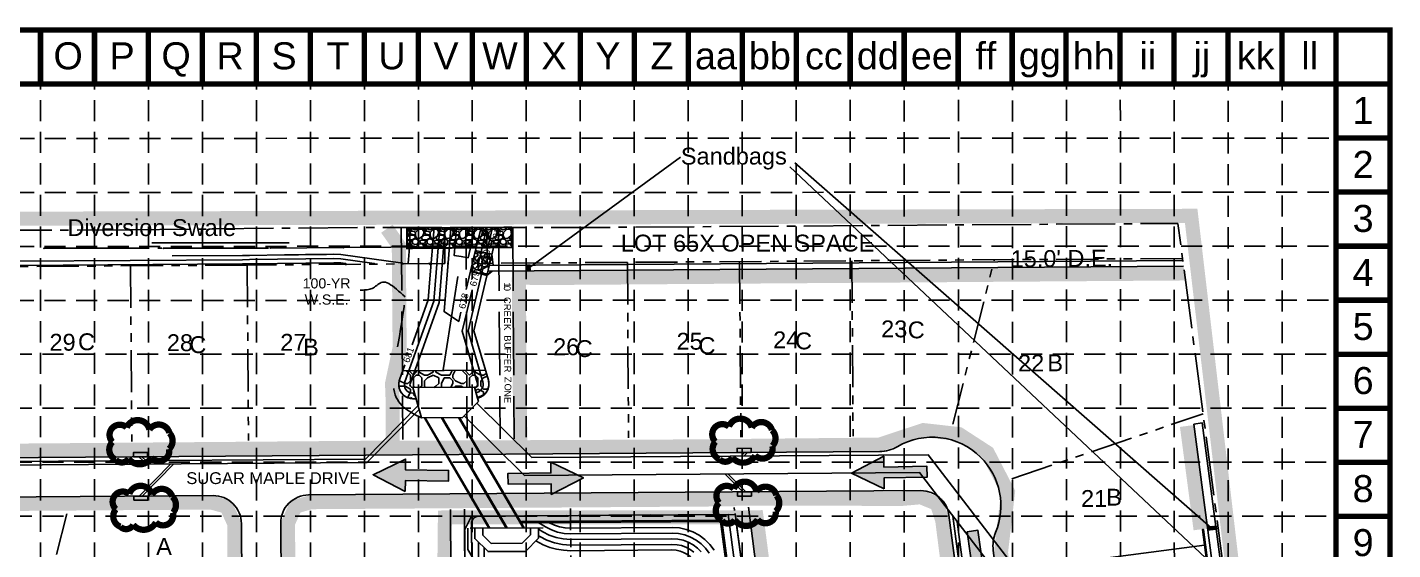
# Model space of a CAD drawing. Header units: inches. Extents: x 2374673 to 2376216, y 6907678 to 6910144.
# Drawn here: x 2375243 to 2376216, y 6909772 to 6910144 of the extents above; entities that cross this region are included whole.
import ezdxf
from ezdxf.enums import TextEntityAlignment as Align

# ---------------------------------------------------------------- set-up
doc = ezdxf.new("R2010")
doc.units = ezdxf.units.IN
doc.header["$LTSCALE"] = 60
doc.header["$MEASUREMENT"] = 0
for name, pattern in [('ACAD_ISO02W100', [15, 12, -3]), ('DASH', [1, 0.5, -0.5]), ('DASHED', [0.75, 0.5, -0.25]), ('DRAINAGE_DIVIDE', [1.8001, -0.0001, 1.25, -0.1, 0.05, -0.1, 0.05, -0.1, 0.05, -0.1]), ('FLOW_ARROW', [2, 1, 1]), ('HIDDEN', [0.375, 0.25, -0.125]), ('LEADER_LINE', [2, 1, 1]), ('LONG_DASH', [1, 0.75, -0.25]), ('LONG_SHORT_DASH', [1, 0.7, -0.1, 0.1, -0.1]), ('LONG_TWO_SHORT', [1, 0.5, -0.1, 0.1, -0.1, 0.1, -0.1])]:
    doc.linetypes.add(name, pattern=pattern)
for name, color, linetype in [('100_WSE', 4, 'Continuous'), ('ARROWS', 252, 'Continuous'), ('BASE', 7, 'Continuous'), ('BOUNDARY', 13, 'Continuous'), ('CHANNEL_CONT', 5, 'Continuous'), ('CONTOURS', 1, 'Continuous'), ('CREEK_BUFFER', 4, 'LEADER_LINE'), ('CURB', 5, 'Continuous'), ('Erosion Blanket', 84, 'Continuous'), ('EROSION BLANKETS', 84, 'Continuous'), ('GRADING_PAD-TEXT', 11, 'Continuous'), ('GRADING_POND', 5, 'Continuous'), ('GRID', 254, 'DASHED'), ('Inlet Protection', 5, 'Continuous'), ('LEGEND', 7, 'Continuous'), ('Limits of Disturbance', 1, 'Continuous'), ('LOT__40', 4, 'Continuous'), ('LOT_LINES', 13, 'LONG_TWO_SHORT'), ('SD_INLETS', 5, 'Continuous'), ('SD_PIPE', 1, 'Continuous'), ('Silt Fence', 200, 'Continuous')]:
    doc.layers.add(name, color=color, linetype=linetype)
doc.styles.get("Standard").update_dxf_attribs({"font": 'ARIAL.TTF'})

# ---------------------------------------------------------------- blocks, each defined once
blk = doc.blocks.new('__HATCH_189')
at = {"layer": 'SD_PIPE', "color": 5, "linetype": 'Continuous'}
for p, q in [((-0.95, -4.02), (0.49, -4.02)), ((0.05, -3.02), (-0.63, -2.68)), ((0.04, -3.02), (0.37, -3.02))]:
    blk.add_line(p, q, dxfattribs=at)
blk = doc.blocks.new('arrow')
blk.add_lwpolyline([(-67.01, -25.36), (-59.33, -25.42), (-59.57, -56.14), (-51.89, -56.2), (-51.65, -25.48), (-43.97, -25.54), (-55.3, -2.41), (-67.01, -25.36)], close=True)
at = {"color": 254}
for points in [[(-43.97, -25.54), (-67.01, -25.36), (-55.3, -2.41), (-67.01, -25.36)], [(-59.57, -56.14), (-51.89, -56.2), (-59.33, -25.42), (-51.65, -25.48)]]:
    blk.add_solid(points, dxfattribs=at)
blk = doc.blocks.new('HayBale')
h = blk.add_hatch()
h.set_pattern_fill('HOUND', color=40, style=0)
h.paths.add_polyline_path([(5.8, 3.84), (7.22, 3.84), (7.22, 4.63), (5.8, 4.63), (5.8, 4.6)])
at = {"color": 40}
blk.add_lwpolyline([(5.8, 4.6), (5.8, 3.84), (7.22, 3.84), (7.22, 4.63), (5.8, 4.63)], close=True, dxfattribs=at)

msp = doc.modelspace()

# ---------------------------------------------------------------- hatches: boundary and pattern name
at = {"layer": 'LEGEND', "linetype": 'ACAD_ISO02W100'}
h = msp.add_hatch(dxfattribs=at)
h.set_pattern_fill('GRAVEL', color=240, scale=10.435727, style=0)
h.set_pattern_definition([(228.0128, (2374775.4971, 6909448.303), (-83.48579536, -93.92155454), [1.40398, -138.99436]), (184.9697, (2374774.55786, 6909447.2594), (125.22873169, 10.435636), [2.409275, -238.51819]), (132.5104, (2374772.15765, 6909447.0507), (104.3571704, -114.7930845), [1.69881, -168.18251]), (267.2737, (2374768.0877, 6909444.44175), (10.43568517, 208.7145376), [2.19399, -217.2046]), (292.8337, (2374767.98335, 6909442.25025), (-52.178737, 125.22868327), [2.15138, -212.98664]), (357.2737, (2374768.8182, 6909440.26746), (-208.7145376, 10.43568517), [2.19399, -217.2046]), (37.6942, (2374771.0097, 6909440.1631), (-135.6645241, -104.35716713), [2.901435, -287.2418]), (72.2553, (2374773.30558, 6909441.93717), (73.0501994, 229.58594865), [2.73925, -271.186145]), (121.4296, (2374774.14043, 6909444.5461), (-83.48589974, 135.66439564), [2.20142, -217.94048]), (175.2364, (2374772.9925, 6909446.4245), (114.7930039, -10.4356384), [2.51326, -123.14954]), (222.3974, (2374770.48793, 6909446.63325), (-125.22879743, -114.79291136), [3.25019, -321.768676]), (138.8141, (2374778.4191, 6909444.3374), (-73.0501178, 62.6143323), [1.10933, -109.82396]), (171.4692, (2374777.5842, 6909445.0679), (135.66442954, -20.871536), [2.11049, -208.93902]), (225, (2374775.497, 6909445.381), (-1e-15, -10.43573), [1.47583, -13.28251]), (203.1986, (2374774.7666, 6909446.6333), (52.1786308, 20.8714673), [0.79476, -78.68136]), (291.8014, (2374774.036, 6909446.3202), (-10.4357258, 31.307183), [1.12396, -55.07415]), (30.9638, (2374774.4535, 6909445.2766), (31.3071595, 20.8714794), [1.82551, -59.02471]), (161.5651, (2374776.019, 6909446.2158), (20.871458, -10.43571), [1.32003, -31.68064]), (16.3895, (2374767.98335, 6909446.3202), (104.3572902, 31.3071041), [1.84921, -183.07234]), (70.3462, (2374769.7574, 6909446.842), (-41.7428573, -114.7930163), [1.55139, -153.58685]), (293.1986, (2374776.0189, 6909448.303), (-20.8714673, 52.1786308), [1.58952, -77.88661]), (343.6105, (2374776.645, 6909446.84197), (-104.3572902, 31.3071041), [1.84921, -183.07234]), (339.444, (2374767.9834, 6909439.85), (-52.1786529, 20.8714117), [1.78326, -87.37963]), (294.7751, (2374769.6531, 6909439.2239), (-52.1785521, 114.7930297), [1.49417, -147.9227]), (66.8014, (2374776.1232, 6909437.8672), (20.8714673, 52.1786308), [1.58952, -77.88661]), (17.354, (2374776.74937, 6909439.32824), (-135.6644685, -41.74284953), [1.74935, -173.18531]), (69.444, (2374771.0097, 6909437.8672), (-20.8714117, -52.1786529), [0.89163, -88.27126]), (101.3099, (2374775.497, 6909437.8672), (-10.435702, 41.7429148), [0.53212, -52.67985]), (165.9638, (2374775.3927, 6909438.389), (31.307186, -10.4357065), [2.15138, -40.87622]), (186.009, (2374773.3056, 6909438.9108), (104.35726466, 10.4357196), [1.99375, -197.38053]), (303.6901, (2374774.4535, 6909444.3374), (-10.435741, 20.871449), [1.50506, -36.12148]), (353.1572, (2374775.28836, 6909443.0851), (177.40734773, -20.87153692), [2.62765, -260.137235]), (60.9454, (2374777.8973, 6909442.772), (-41.7429072, -73.0500911), [1.07442, -106.36796]), (90, (2374778.419, 6909443.711), (-10.43573, 10.43573), [0.62614, -9.80958]), (120.2564, (2374773.09686, 6909439.2239), (41.74285355, -73.0501127), [1.44977, -143.52798]), (48.0128, (2374772.36636, 6909440.4762), (83.48579536, 93.92155454), [2.80796, -137.59038]), (0, (2374774.245, 6909442.563), (10.43573, 10.43573), [2.71329, -7.72244]), (325.3048, (2374776.9581, 6909442.5633), (-104.35720735, 73.05017693), [1.65003, -163.35329]), (254.0546, (2374778.3147, 6909441.6241), (-10.4357256, -41.7429082), [1.51946, -74.45378]), (207.646, (2374777.8973, 6909440.1631), (-198.27876405, -104.35734776), [2.473946, -244.92102]), (175.4261, (2374775.7058, 6909439.01517), (-135.66445327, 10.43567247), [2.61727, -259.10943])])
h.paths.add_polyline_path([(2375513.41, 6909986.27), (2375588.08, 6909986.91), (2375587.73, 6910001.18), (2375513.4, 6910000.7)])

# ---------------------------------------------------------------- linework, layer by layer
at = {"layer": '100_WSE', "color": 250, "linetype": 'DASH'}
for p, q in [((2375559.36, 6909795.48), (2375554.42, 6909785.64)), ((2375747.3, 6909796.8), (2375559.36, 6909795.48)), ((2375760.28, 6909700.23), (2375747.3, 6909796.8)), ((2375554.42, 6909785.64), (2375554.95, 6909710.45))]:
    msp.add_line(p, q, dxfattribs=at)
at = {"layer": '100_WSE', "color": 250, "linetype": 'DASH', "flags": 128}
msp.add_lwpolyline([(2375523.64, 6909865.54), (2375521.94, 6909866.42), (2375520.25, 6909867.3), (2375518.59, 6909868.2), (2375516.96, 6909869.13), (2375515.37, 6909870.09), (2375513.85, 6909871.09), (2375512.39, 6909872.15), (2375511.02, 6909873.26), (2375509.74, 6909874.45), (2375508.56, 6909875.71), (2375507.5, 6909877.06), (2375506.57, 6909878.52), (2375505.75, 6909880.12), (2375505.08, 6909881.89), (2375504.53, 6909883.84), (2375504.13, 6909886.02), (2375503.88, 6909888.43), (2375503.78, 6909891.12), (2375503.84, 6909894.1), (2375504.06, 6909897.41), (2375504.45, 6909901.05), (2375504.97, 6909905.02), (2375505.62, 6909909.27), (2375506.36, 6909913.78), (2375507.16, 6909918.53), (2375508.01, 6909923.47), (2375508.88, 6909928.58), (2375509.74, 6909933.83), (2375510.56, 6909939.2), (2375511.33, 6909944.65), (2375512.02, 6909950.15), (2375512.63, 6909955.69), (2375513.18, 6909961.28), (2375513.66, 6909966.91), (2375514.1, 6909972.56), (2375514.5, 6909978.25), (2375514.86, 6909983.95), (2375515.2, 6909989.67), (2375515.52, 6909995.39), (2375515.83, 6910001.13)], dxfattribs=at)
at = {"layer": '100_WSE', "color": 250, "linetype": 'LEADER_LINE', "flags": 128}
msp.add_lwpolyline([(2375512.02, 6909951.62), (2375510.48, 6909953.06), (2375508.94, 6909954.48), (2375507.43, 6909955.85), (2375505.94, 6909957.14), (2375504.49, 6909958.35), (2375503.08, 6909959.43), (2375501.72, 6909960.37), (2375500.43, 6909961.14), (2375499.2, 6909961.71), (2375498.06, 6909962.08), (2375497, 6909962.21), (2375496.02, 6909962.13), (2375495.1, 6909961.89), (2375494.24, 6909961.5), (2375493.41, 6909961.01), (2375492.62, 6909960.44), (2375491.83, 6909959.84), (2375491.06, 6909959.23), (2375490.27, 6909958.65), (2375489.46, 6909958.13), (2375488.63, 6909957.7), (2375487.76, 6909957.36), (2375486.87, 6909957.09), (2375485.95, 6909956.89), (2375485.01, 6909956.74), (2375484.06, 6909956.65), (2375483.1, 6909956.59), (2375482.12, 6909956.56), (2375481.14, 6909956.55), (2375480.16, 6909956.55)], dxfattribs=at)
at = {"layer": 'ARROWS', "flags": 128}
for points in [[(2375708.29, 6910051.13), (2375600.61, 6909972.68)], [(2376086.58, 6909787.14), (2375789.93, 6910047.16)], [(2376090.65, 6909758.18), (2375786.27, 6910044.24)]]:
    msp.add_lwpolyline(points, dxfattribs=at)
at = {"layer": 'BASE', "color": 9}
msp.add_line((2374713.6, 6910103.21), (2376175.53, 6910103.21), dxfattribs=at)
at = {"layer": 'BASE', "const_width": 3.85}
for points in [[(2376214, 6907679.5), (2376214, 6910141.68), (2374675.13, 6910141.68), (2374675.13, 6907679.5)], [(2376175.53, 6907717.97), (2376175.53, 6910103.21), (2374713.6, 6910103.21), (2374713.6, 6907717.97)]]:
    msp.add_lwpolyline(points, close=True, dxfattribs=at)
for points in [[(2375252.21, 6910141.68), (2375252.21, 6910103.21)], [(2375290.68, 6910141.68), (2375290.68, 6910103.21)], [(2375329.15, 6910141.68), (2375329.15, 6910103.21)], [(2375367.62, 6910141.68), (2375367.62, 6910103.21)], [(2375406.09, 6910141.68), (2375406.09, 6910103.21)], [(2375444.56, 6910141.68), (2375444.56, 6910103.21)], [(2375483.04, 6910141.68), (2375483.04, 6910103.21)], [(2375521.51, 6910141.68), (2375521.51, 6910103.21)], [(2375559.98, 6910141.68), (2375559.98, 6910103.21)], [(2375598.45, 6910141.68), (2375598.45, 6910103.21)], [(2375636.92, 6910141.68), (2375636.92, 6910103.21)], [(2375675.39, 6910141.68), (2375675.39, 6910103.21)], [(2375713.87, 6910141.68), (2375713.87, 6910103.21)], [(2375752.34, 6910141.68), (2375752.34, 6910103.21)], [(2375790.81, 6910141.68), (2375790.81, 6910103.21)], [(2375829.28, 6910141.68), (2375829.28, 6910103.21)], [(2375867.75, 6910141.68), (2375867.75, 6910103.21)], [(2375906.22, 6910141.68), (2375906.22, 6910103.21)], [(2375944.7, 6910141.68), (2375944.7, 6910103.21)], [(2375983.17, 6910141.68), (2375983.17, 6910103.21)], [(2376021.64, 6910141.68), (2376021.64, 6910103.21)], [(2376060.11, 6910141.68), (2376060.11, 6910103.21)], [(2376098.58, 6910141.68), (2376098.58, 6910103.21)], [(2376137.05, 6910141.68), (2376137.05, 6910103.21)], [(2376175.53, 6910141.68), (2376175.53, 6910103.21)], [(2376214, 6910103.21), (2376175.53, 6910103.21)], [(2376214, 6910064.74), (2376175.53, 6910064.74)], [(2376214, 6910026.27), (2376175.53, 6910026.27)], [(2376214, 6909987.8), (2376175.53, 6909987.8)], [(2376214, 6909949.33), (2376175.53, 6909949.33)], [(2376214, 6909910.85), (2376175.53, 6909910.85)], [(2376214, 6909872.38), (2376175.53, 6909872.38)], [(2376214, 6909833.91), (2376175.53, 6909833.91)], [(2376214, 6909795.44), (2376175.53, 6909795.44)]]:
    msp.add_lwpolyline(points, dxfattribs=at)
at = {"layer": 'BOUNDARY', "color": 250, "linetype": 'LONG_SHORT_DASH', "flags": 128}
msp.add_lwpolyline([(2375316.21, 6909999.41), (2375481.95, 6910001.17), (2375631.36, 6910000.99), (2376062.88, 6910004.02), (2376169.01, 6909200.59), (2375755.32, 6909180.66), (2375806.37, 6908882.92), (2375905.72, 6908301.86), (2375500.03, 6908055.74), (2375186.51, 6908394.4), (2375107.09, 6908202.16), (2375041.7, 6908030.88), (2374759.33, 6908266.66), (2374819, 6908352.16), (2374966.8, 6908673.77), (2374727.75, 6908833.73), (2375002.39, 6909918.05), (2375142.41, 6909998.91), (2375316.21, 6909999.41)], close=True, dxfattribs=at)
at = {"layer": 'CHANNEL_CONT', "color": 5, "linetype": 'Continuous', "flags": 128}
for points in [[(2375518.78, 6909883.18), (2375517.57, 6909883.17, -0.5213), (2375511.88, 6909891.19), (2375532.49, 6909948.66), (2375536.71, 6910001.1)], [(2375517.68, 6909887.17), (2375517.54, 6909887.17, -0.5213), (2375515.65, 6909889.84), (2375536.42, 6909947.77), (2375540.71, 6910001.1)], [(2375563.63, 6909879.65), (2375563.63, 6909879.65, 0.444659), (2375571.4, 6909892.3), (2375561.04, 6909927.48), (2375575.31, 6909987.73)], [(2375562.56, 6909883.53), (2375562.56, 6909883.53, 0.461879), (2375567.56, 6909891.17), (2375556.91, 6909927.35), (2375567.44, 6909971.8)], [(2375561.47, 6909887.48), (2375561.82, 6909887.48, 0.498618), (2375563.72, 6909890.04), (2375552.77, 6909927.22), (2375559.75, 6909956.65)], [(2375519.88, 6909879.18), (2375517.6, 6909879.17, -0.5213), (2375508.12, 6909892.54), (2375511.98, 6909903.31)]]:
    msp.add_lwpolyline(points, format="xyb", dxfattribs=at)
for points in [[(2375517.06, 6909917.47), (2375528.56, 6909949.55), (2375529.77, 6909964.59), (2375532.7, 6910001.11)], [(2375551.87, 6909940.69), (2375550.34, 6909934.25), (2375539.9, 6909941.23), (2375543.15, 6909981.76), (2375544.71, 6910001.09)], [(2375562.07, 6910001.07), (2375556.98, 6909979.58), (2375552.04, 6909980.36), (2375547.1, 6909981.14), (2375548.71, 6910001.09)], [(2375566.17, 6910001.07), (2375560.93, 6909978.96), (2375555.7, 6909956.88)], [(2375563.58, 6909972.84), (2375570.27, 6910001.06)], [(2375571.27, 6909987.99), (2375574.37, 6910001.06)]]:
    msp.add_lwpolyline(points, dxfattribs=at)
at = {"layer": 'CONTOURS', "color": 250, "linetype": 'Continuous', "flags": 128}
for points in [[(2375490.12, 6909974.5), (2375490.11, 6909975.5), (2375466.18, 6909978.87), (2375461.17, 6909979.02), (2375401.18, 6909978.18), (2375396.18, 6909978.14), (2375236.18, 6909977.02), (2375231.18, 6909977), (2375146.18, 6909976.98), (2375141.18, 6909977), (2375118.34, 6909977.12)], [(2375510.38, 6909974.64), (2375510.37, 6909975.64), (2375466.15, 6909981.87), (2375461.15, 6909982.02), (2375456.15, 6909981.95), (2375451.15, 6909981.88), (2375446.15, 6909981.81), (2375441.16, 6909981.74), (2375436.16, 6909981.67), (2375431.16, 6909981.6), (2375426.16, 6909981.53), (2375401.16, 6909981.18), (2375396.16, 6909981.14), (2375346.16, 6909980.79)], [(2375469.87, 6909974.35), (2375469.86, 6909975.35), (2375466.2, 6909975.87), (2375461.2, 6909976.02), (2375401.2, 6909975.18), (2375396.2, 6909975.14), (2375236.2, 6909974.02), (2375231.2, 6909974), (2375146.2, 6909973.98), (2375140.43, 6909974), (2375106.2, 6909974.18), (2375102.36, 6909972.85), (2375101.21, 6909972.85), (2375100.13, 6909972.86)], [(2375529.23, 6909974.77), (2375530.63, 6909975.28), (2375529.22, 6909975.77), (2375529.22, 6909975.87)], [(2375534.64, 6909974.81), (2375534.63, 6909975.31), (2375534.63, 6909975.81), (2375534.63, 6909975.91)], [(2375538.64, 6909974.84), (2375538.64, 6909975.34), (2375538.63, 6909975.84), (2375538.63, 6909975.94)], [(2375542.64, 6909974.87), (2375542.64, 6909975.37), (2375542.64, 6909975.87), (2375542.64, 6909975.97)]]:
    msp.add_lwpolyline(points, dxfattribs=at)
at = {"layer": 'CREEK_BUFFER', "color": 250, "linetype": 'LONG_DASH'}
msp.add_line((2375554.95, 6909710.45), (2375554.32, 6909800.44), dxfattribs=at)
at = {"layer": 'CREEK_BUFFER', "color": 250, "linetype": 'LONG_DASH', "flags": 128}
for points in [[(2375509.36, 6910001.22), (2375510.42, 6909850.14)], [(2375578.74, 6910000.97), (2375579.79, 6909850.62)], [(2375588.74, 6910001.04), (2375589.79, 6909850.69)], [(2375544.32, 6909800.37), (2375544.99, 6909705.47), (2375544.8, 6909684.86), (2375543.95, 6909664.35), (2375542.43, 6909643.88), (2375540.26, 6909623.47), (2375537.43, 6909603.13), (2375533.94, 6909582.91), (2375529.8, 6909562.8), (2375525.01, 6909542.84), (2375517.25, 6909514.58)], [(2375801.95, 6909383.13), (2375746.64, 6909801.79)], [(2375756.72, 6909801.86), (2375811.97, 6909383.62)]]:
    msp.add_lwpolyline(points, dxfattribs=at)
at = {"layer": 'CURB', "color": 250, "linetype": 'Continuous', "flags": 128}
for points in [[(2375907.04, 6909349.16), (2375907.04, 6909349.16, -0.132242), (2375919.74, 6909346.39), (2375919.74, 6909346.39, 0.351743), (2375979.88, 6909358.5), (2375979.88, 6909358.5, 0.351743), (2375981.06, 6909419.83), (2375981.06, 6909419.83, -0.132242), (2375976.07, 6909431.83), (2375931.25, 6909771.06, -0.132242), (2375932.96, 6909783.95), (2375932.96, 6909783.95, 0.305771), (2375922.13, 6909837.67), (2375922.13, 6909837.67, 0.340105), (2375862.83, 6909844.99), (2375862.83, 6909844.99, -0.132242), (2375850.3, 6909841.52), (2375184.12, 6909836.85, -0.132242), (2375171.54, 6909840.14), (2375171.54, 6909840.14, 0.672291), (2375100.12, 6909784.15), (2375100.12, 6909784.15, -0.132242), (2375100.32, 6909771.15), (2374893.32, 6908953.89, -0.132242)], [(2375933.03, 6909378.44), (2375933.03, 6909378.44, 0.438794), (2375951.89, 6909401.04), (2375899.67, 6909796.35, 0.37825), (2375879.7, 6909813.73), (2375443.25, 6909810.66, 0.414214), (2375423.39, 6909790.52), (2375423.99, 6909704.54, -0.080997), (2375398.51, 6909541.07), (2375247.05, 6909078.25, 0.433811), (2375261.12, 6909052.65), (2375297.77, 6909043.3, 0.105177), (2375499.83, 6909035.16), (2375499.83, 6909035.16)]]:
    msp.add_lwpolyline(points, format="xyb", dxfattribs=at)
msp.add_lwpolyline([(2375165.68, 6908773.84), (2375165.68, 6908773.84, -0.014433), (2375163.27, 6908760.43), (2375163.27, 6908760.43, -0.594877), (2375129.6, 6908750.35), (2375129.6, 6908750.35, 0.048301), (2375090.22, 6908782.59), (2375090.22, 6908782.59), (2374921.17, 6908895.63, -0.317424), (2374912.9, 6908917.16), (2375134.87, 6909793.55, -0.341328), (2375154.12, 6909808.64), (2375375.25, 6909810.19, -0.414214), (2375395.39, 6909790.33), (2375395.99, 6909704.34), (2375395.99, 6909704.34, -0.080997), (2375371.9, 6909549.77), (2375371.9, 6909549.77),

- _Activity_:
Output exactly one stretch of the listing: from the line containing "from ezdxf.enums import" through the line containing "doc.linetypes.add(name, pattern=pattern)", both end lines included.

- _Response to this exercise_:
from ezdxf.enums import TextEntityAlignment as Align

# ---------------------------------------------------------------- set-up
doc = ezdxf.new("R2010")
doc.units = ezdxf.units.IN
doc.header["$LTSCALE"] = 60
doc.header["$MEASUREMENT"] = 0
for name, pattern in [('ACAD_ISO02W100', [15, 12, -3]), ('DASH', [1, 0.5, -0.5]), ('DASHED', [0.75, 0.5, -0.25]), ('DRAINAGE_DIVIDE', [1.8001, -0.0001, 1.25, -0.1, 0.05, -0.1, 0.05, -0.1, 0.05, -0.1]), ('FLOW_ARROW', [2, 1, 1]), ('HIDDEN', [0.375, 0.25, -0.125]), ('LEADER_LINE', [2, 1, 1]), ('LONG_DASH', [1, 0.75, -0.25]), ('LONG_SHORT_DASH', [1, 0.7, -0.1, 0.1, -0.1]), ('LONG_TWO_SHORT', [1, 0.5, -0.1, 0.1, -0.1, 0.1, -0.1])]:
    doc.linetypes.add(name, pattern=pattern)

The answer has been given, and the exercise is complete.